Task inputs —
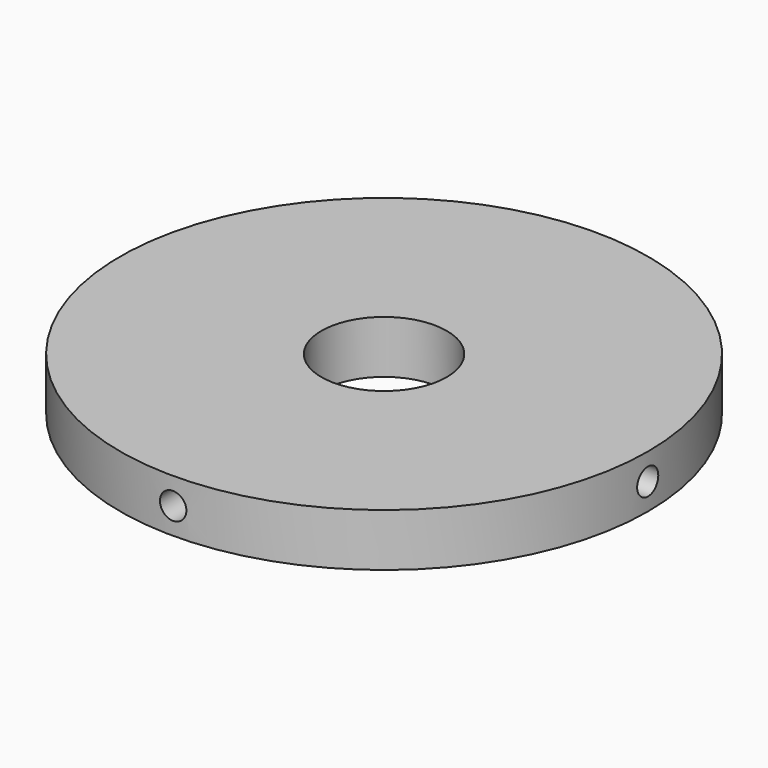
from build123d import *

# Parameters (mm, degrees)
F0_R            = 40
F1_DEPTH        = 8
F2_R            = 9.5
F3_DEPTH        = 8.001
F6_R            = 2
F7_DEPTH        = 15
F7_COPIES_COUNT = 4


# Not quite as in the source:
# - a pattern or mirror of a feature is missing from the dataset's text; its kind, count and spacing are read off the source's solid


with BuildPart() as f1:
    # F0 (on Top) → F1 (new body)
    with BuildSketch(Plane.XY):
        Circle(F0_R)
    extrude(amount=F1_DEPTH)

    # F2 (on face) → F3 (cut, through all)
    with BuildSketch(Plane.XY.offset(8)):
        Circle(F2_R)
    extrude(amount=-F3_DEPTH, mode=Mode.SUBTRACT)

    # F6 (on offset) → F7 (cut)
    with BuildSketch(Plane.XZ.offset(40.792)):
        with Locations((0, 4)):
            Circle(F6_R)
    f7 = extrude(amount=-F7_DEPTH, mode=Mode.SUBTRACT)

    # F7_copies: F7 ×4 about axis
    f7_copies_axis = Axis((0, 0, 0), (0, 0, 1))
    for i in range(1, F7_COPIES_COUNT):
        add(f7.rotate(f7_copies_axis, i * 360 / F7_COPIES_COUNT), mode=Mode.SUBTRACT)


solid = f1.part

Exercise brief —
Return each line of the entries that holds the string "offset".

Task response —
    with BuildSketch(Plane.XY.offset(8)):
    # F6 (on offset) → F7 (cut)
    with BuildSketch(Plane.XZ.offset(40.792)):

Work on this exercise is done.